Central Park is the most visited urban park in the United States, receiving approximately 37.5 million visitors annually. However, what many visitors don’t know is that a portion of the park was once home to a thriving Black community in the 1800s.
Before the city built Central Park, the area from West 82nd to West 89th streets and between 7th and 8th avenues was the location of what was known as Seneca Village, a predominantly African-American community that included the largest group of African-American property owners in New York at that time. The village existed from 1825 to 1857.
At the time, most of New York City lived in Lower Manhattan. By the 1820s, people started moving uptown. Seneca Village was a self-contained community of Blacks, English, Native-Americans and German and Irish immigrants. It had its own school, three churches and cemeteries. By 1855, census records show that the population had reached approximately 225, made up of roughly two-thirds African-Americans.

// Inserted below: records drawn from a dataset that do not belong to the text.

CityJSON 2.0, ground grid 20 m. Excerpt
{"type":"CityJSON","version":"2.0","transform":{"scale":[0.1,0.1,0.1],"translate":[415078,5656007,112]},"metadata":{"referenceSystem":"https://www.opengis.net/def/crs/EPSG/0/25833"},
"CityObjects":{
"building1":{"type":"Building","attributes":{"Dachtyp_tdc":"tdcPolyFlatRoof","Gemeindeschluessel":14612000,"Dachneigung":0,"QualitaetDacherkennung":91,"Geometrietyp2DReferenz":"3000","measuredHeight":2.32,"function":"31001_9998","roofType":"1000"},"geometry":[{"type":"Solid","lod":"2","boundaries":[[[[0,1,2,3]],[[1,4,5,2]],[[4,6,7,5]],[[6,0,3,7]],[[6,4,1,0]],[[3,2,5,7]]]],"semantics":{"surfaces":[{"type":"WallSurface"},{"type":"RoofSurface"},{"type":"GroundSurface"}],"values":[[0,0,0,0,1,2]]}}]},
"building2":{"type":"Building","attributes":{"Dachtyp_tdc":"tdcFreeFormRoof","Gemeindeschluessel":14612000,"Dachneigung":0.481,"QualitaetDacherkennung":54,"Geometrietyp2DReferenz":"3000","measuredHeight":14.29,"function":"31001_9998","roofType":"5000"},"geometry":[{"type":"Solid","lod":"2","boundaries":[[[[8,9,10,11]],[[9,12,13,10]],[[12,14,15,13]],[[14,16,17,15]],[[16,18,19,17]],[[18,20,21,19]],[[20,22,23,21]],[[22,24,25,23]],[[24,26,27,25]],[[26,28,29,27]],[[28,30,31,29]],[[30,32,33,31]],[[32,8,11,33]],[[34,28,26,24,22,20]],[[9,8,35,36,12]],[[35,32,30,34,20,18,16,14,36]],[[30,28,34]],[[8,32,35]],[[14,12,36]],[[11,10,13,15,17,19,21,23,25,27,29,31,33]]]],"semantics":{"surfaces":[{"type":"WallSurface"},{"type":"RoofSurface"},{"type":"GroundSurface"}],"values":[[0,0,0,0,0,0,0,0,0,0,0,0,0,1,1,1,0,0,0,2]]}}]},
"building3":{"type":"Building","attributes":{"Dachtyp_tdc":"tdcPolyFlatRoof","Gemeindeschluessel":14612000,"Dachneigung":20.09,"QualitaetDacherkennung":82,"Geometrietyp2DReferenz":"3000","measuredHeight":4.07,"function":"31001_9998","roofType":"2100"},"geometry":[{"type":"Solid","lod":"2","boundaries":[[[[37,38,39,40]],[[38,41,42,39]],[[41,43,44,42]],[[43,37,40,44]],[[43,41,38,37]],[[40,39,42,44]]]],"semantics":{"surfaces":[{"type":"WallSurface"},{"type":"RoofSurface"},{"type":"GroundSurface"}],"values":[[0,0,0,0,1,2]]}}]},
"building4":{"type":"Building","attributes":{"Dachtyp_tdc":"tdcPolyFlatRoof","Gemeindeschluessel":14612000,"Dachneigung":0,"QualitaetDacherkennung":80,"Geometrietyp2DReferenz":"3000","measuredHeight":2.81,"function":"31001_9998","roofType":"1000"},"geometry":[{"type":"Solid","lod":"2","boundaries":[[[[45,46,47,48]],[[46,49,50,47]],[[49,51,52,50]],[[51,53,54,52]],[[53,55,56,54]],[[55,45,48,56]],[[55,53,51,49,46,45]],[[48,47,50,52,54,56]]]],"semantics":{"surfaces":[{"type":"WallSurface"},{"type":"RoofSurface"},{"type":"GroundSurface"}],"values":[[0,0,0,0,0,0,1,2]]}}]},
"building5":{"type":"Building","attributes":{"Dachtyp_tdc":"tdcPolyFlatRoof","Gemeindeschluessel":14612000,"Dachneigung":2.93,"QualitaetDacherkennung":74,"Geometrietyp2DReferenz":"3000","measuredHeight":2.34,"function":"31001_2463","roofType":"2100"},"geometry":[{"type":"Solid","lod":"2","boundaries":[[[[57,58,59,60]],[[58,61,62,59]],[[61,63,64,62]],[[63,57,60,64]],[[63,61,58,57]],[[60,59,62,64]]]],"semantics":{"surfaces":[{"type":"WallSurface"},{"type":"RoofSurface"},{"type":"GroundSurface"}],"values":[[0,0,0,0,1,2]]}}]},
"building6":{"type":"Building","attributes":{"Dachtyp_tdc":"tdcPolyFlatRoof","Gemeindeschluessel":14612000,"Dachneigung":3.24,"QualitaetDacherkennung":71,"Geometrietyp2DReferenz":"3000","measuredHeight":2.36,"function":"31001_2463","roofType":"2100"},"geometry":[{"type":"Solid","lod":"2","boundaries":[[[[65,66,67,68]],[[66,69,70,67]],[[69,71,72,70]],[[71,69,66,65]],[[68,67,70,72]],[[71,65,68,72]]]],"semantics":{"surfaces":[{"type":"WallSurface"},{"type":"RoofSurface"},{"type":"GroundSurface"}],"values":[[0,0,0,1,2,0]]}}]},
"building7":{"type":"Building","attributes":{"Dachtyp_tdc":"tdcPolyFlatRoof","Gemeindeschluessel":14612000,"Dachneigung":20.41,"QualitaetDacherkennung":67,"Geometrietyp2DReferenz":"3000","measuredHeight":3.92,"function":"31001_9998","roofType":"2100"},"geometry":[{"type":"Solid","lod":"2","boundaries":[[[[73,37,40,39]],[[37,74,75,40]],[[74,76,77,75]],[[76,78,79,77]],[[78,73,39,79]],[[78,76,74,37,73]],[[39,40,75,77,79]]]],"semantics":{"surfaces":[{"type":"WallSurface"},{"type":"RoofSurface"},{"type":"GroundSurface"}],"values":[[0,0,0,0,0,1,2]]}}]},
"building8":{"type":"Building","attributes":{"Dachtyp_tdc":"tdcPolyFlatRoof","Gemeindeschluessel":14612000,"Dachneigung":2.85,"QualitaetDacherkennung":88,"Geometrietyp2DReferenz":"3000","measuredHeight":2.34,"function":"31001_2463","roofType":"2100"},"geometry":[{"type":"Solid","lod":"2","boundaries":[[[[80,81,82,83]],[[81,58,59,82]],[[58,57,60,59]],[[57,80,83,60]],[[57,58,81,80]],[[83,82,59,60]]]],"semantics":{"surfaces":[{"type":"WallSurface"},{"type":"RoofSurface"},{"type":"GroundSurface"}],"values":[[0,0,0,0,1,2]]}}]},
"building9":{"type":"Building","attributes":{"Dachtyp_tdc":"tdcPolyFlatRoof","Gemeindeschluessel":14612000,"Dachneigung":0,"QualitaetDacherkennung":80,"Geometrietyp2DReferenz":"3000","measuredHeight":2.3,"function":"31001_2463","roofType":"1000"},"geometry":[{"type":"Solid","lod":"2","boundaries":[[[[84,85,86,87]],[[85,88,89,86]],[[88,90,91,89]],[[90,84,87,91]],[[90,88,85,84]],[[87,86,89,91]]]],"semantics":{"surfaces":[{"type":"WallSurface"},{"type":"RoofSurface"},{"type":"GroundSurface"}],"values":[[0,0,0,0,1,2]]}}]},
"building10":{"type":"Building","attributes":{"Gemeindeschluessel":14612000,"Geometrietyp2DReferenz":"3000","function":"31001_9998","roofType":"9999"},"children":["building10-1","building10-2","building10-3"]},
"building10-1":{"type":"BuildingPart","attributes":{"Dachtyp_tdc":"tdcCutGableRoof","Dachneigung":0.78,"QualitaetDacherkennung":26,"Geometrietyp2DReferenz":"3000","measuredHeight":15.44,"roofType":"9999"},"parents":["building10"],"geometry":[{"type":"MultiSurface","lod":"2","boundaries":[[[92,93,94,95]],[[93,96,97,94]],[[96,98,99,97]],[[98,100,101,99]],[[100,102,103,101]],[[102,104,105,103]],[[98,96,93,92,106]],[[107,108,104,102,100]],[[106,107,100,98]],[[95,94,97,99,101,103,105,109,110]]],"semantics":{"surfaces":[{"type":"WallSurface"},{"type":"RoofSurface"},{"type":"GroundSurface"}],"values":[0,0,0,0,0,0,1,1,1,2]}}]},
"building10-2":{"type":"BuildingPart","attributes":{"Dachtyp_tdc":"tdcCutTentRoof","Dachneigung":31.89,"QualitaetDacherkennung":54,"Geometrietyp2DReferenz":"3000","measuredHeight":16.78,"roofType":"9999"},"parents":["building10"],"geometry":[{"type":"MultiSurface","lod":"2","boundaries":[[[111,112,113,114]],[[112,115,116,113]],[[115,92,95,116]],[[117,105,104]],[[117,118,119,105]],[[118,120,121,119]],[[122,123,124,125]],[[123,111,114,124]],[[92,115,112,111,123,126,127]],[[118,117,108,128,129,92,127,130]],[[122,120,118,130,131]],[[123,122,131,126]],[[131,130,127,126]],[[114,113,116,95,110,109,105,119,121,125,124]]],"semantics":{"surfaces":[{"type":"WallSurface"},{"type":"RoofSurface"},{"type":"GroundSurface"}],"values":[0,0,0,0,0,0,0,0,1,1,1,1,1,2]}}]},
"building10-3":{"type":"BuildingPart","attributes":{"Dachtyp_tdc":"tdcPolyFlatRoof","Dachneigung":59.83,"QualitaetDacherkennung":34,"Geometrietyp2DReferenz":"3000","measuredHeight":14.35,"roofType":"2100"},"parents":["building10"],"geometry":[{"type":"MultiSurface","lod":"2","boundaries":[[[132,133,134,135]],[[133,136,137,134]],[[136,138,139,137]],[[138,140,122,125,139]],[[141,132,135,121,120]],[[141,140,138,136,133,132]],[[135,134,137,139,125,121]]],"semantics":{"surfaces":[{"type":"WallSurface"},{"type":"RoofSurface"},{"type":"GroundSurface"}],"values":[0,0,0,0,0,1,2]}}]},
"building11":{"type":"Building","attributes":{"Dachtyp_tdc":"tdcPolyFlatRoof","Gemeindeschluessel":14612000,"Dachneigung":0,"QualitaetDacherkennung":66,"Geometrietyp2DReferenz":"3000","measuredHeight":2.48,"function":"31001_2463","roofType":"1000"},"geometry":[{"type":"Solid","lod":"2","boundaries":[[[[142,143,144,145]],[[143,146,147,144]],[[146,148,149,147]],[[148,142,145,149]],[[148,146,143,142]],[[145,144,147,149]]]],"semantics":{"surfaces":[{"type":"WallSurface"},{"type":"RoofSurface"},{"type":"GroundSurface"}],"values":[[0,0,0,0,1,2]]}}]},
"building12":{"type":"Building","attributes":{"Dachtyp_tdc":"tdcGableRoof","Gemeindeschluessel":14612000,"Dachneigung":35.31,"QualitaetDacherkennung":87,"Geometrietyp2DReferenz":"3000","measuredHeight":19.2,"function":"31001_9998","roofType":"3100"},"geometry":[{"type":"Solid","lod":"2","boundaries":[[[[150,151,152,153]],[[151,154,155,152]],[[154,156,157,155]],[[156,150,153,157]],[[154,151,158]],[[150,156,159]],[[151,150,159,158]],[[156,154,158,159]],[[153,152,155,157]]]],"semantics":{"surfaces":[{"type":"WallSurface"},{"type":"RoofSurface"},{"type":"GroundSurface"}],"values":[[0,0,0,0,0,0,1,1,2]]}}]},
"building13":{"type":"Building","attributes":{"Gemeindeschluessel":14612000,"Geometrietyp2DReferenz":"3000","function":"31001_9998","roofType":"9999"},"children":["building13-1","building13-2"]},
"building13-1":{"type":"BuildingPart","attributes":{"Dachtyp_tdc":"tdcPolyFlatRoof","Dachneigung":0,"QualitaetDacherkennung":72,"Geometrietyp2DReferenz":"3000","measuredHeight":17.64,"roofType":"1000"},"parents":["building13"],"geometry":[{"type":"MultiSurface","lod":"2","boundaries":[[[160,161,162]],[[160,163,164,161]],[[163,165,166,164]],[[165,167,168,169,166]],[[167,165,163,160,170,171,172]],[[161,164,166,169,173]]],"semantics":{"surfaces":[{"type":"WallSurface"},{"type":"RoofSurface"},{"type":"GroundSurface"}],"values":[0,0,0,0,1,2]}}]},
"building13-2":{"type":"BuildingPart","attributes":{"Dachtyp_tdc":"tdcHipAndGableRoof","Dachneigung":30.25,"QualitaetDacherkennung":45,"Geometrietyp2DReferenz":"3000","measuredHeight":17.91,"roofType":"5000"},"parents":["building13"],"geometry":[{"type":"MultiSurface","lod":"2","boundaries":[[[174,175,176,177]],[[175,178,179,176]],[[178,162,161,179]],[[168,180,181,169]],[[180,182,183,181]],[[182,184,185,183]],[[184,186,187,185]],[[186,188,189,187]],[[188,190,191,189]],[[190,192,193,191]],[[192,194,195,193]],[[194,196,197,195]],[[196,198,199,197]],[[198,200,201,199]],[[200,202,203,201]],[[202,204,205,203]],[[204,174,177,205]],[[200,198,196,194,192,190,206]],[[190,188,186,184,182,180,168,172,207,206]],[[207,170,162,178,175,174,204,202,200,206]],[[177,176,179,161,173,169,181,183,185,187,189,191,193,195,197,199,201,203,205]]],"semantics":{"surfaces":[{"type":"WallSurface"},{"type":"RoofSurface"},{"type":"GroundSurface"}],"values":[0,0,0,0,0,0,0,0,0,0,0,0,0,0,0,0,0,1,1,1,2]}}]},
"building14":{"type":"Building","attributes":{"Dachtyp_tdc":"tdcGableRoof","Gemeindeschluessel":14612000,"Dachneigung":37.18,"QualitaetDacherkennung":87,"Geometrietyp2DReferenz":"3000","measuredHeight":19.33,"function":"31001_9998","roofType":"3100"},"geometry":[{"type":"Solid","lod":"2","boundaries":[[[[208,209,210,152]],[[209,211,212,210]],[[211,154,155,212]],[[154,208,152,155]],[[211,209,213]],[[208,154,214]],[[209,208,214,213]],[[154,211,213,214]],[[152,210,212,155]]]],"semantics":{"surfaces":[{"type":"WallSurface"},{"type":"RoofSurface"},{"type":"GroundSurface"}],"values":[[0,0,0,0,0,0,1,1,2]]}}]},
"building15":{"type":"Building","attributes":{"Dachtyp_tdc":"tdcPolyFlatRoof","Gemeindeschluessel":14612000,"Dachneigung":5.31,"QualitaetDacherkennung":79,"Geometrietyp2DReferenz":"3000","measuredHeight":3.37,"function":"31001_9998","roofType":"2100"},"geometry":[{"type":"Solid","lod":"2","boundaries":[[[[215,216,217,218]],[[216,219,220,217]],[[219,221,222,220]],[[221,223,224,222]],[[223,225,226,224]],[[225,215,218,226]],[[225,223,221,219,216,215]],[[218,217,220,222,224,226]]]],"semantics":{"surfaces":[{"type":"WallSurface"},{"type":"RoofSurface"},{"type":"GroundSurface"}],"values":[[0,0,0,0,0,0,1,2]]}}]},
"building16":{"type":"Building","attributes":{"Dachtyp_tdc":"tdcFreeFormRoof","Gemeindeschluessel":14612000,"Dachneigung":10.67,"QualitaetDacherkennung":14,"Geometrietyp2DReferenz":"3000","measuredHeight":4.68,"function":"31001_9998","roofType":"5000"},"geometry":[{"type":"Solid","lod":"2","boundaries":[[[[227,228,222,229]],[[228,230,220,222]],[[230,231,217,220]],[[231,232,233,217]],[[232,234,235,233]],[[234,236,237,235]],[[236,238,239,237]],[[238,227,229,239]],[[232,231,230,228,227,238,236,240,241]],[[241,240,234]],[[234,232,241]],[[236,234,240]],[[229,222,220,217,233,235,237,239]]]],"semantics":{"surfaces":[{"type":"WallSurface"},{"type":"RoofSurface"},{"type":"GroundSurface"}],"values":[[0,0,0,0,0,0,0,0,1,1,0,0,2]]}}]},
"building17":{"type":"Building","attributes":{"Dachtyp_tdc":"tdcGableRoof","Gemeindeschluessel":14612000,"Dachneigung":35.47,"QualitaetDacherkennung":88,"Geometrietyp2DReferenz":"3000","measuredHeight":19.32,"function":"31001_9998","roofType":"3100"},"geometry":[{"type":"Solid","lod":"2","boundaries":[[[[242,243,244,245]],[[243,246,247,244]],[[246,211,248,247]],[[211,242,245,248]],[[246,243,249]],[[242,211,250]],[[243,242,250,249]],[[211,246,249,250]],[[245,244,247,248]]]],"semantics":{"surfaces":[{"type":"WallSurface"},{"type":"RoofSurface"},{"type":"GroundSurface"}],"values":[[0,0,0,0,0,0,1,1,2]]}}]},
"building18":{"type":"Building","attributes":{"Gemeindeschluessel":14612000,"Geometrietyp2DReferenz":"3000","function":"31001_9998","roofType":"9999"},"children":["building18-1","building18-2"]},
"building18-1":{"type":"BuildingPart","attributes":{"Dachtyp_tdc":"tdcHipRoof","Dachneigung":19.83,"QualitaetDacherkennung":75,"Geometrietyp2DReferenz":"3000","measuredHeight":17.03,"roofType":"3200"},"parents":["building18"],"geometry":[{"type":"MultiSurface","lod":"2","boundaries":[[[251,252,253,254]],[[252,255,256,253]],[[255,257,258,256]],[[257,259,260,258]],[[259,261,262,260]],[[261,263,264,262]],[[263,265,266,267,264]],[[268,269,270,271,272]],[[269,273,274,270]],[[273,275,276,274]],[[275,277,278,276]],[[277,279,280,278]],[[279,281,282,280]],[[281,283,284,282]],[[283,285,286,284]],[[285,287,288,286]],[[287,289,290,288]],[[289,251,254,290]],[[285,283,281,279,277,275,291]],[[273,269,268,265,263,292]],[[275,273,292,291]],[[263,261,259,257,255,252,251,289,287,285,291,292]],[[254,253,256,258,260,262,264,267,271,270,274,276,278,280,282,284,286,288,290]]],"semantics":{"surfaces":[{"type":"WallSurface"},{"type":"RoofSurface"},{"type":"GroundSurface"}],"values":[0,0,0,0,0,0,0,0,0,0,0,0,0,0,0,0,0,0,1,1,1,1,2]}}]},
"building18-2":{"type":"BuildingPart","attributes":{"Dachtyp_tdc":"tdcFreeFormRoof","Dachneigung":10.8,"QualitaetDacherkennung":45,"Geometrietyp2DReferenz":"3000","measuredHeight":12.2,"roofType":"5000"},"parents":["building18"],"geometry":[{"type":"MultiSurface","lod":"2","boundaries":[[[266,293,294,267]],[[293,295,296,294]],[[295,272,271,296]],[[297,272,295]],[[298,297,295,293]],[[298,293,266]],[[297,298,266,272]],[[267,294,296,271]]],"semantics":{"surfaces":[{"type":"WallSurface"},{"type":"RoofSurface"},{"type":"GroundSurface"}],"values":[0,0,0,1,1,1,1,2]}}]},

“Seneca Village had approximately 50 homes, three churches and one school. A local spring supplied fresh water, and there is some evidence that residents had gardens and raised livestock,” said Central Park Conservancy’s historian, Marie Warsh. “Approximately half of the African-American population in Seneca Village owned their homes, making it the largest community of African-American property owners in 19th century New York City.”
In 1825, John and Elizabeth Whitehead began selling pieces of their farmland. A young African-American man named Andrew Williams bought the first three lots for $125. Two dozen plots were sold to members of the the African Methodist Episcopal Zion Church, which was the largest and wealthiest Black church community in the country.
Black residents were living in Seneca Village and owned land while slavery existed in the South.
In 1857, with plans to create an urban park in Manhattan, the state of New York used eminent domain to evict residents and acquire the land. The community was never moved or re-established.
“The creation of Central Park resulted in the dissolution of Seneca Village,” Warsh said. “To create Central Park, the New York State Legislature authorized the use of eminent domain, the power of a government to take private land for public use, with compensation paid to the landowner. This was common practice in 19th century urban America, and a similar use of eminent domain had been used to build Manhattan’s grid of streets decades earlier.”
In an effort to educate more people about Seneca Village, the Central Park Conservancy gives tours of where Seneca Village once stood. The Conservancy has been researching the area since the 1990s.
This year the tour has been enhanced to include results of research and archaeological excavations conducted by the Institute for the Exploration of Seneca Village History. An excavation conducted in the summer of 2011 uncovered the remains of the buildings in Seneca Village as well as artifacts related to the domestic lives of residents.
Additional archaeological testing was conducted in 2014. The discoveries ushered in an updated tour, and there will be a larger interpretative plan for Seneca Village, which will include the installation of interpretative signs in the area in the spring.
“These artifacts allow us to have a greater understanding of what life was like in Seneca Village,” said Warsh. “With this newly enhanced tour we are encouraging educators to come first to familiarize themselves with the material so that they can start to explore opportunities with us for introducing students to this important history.”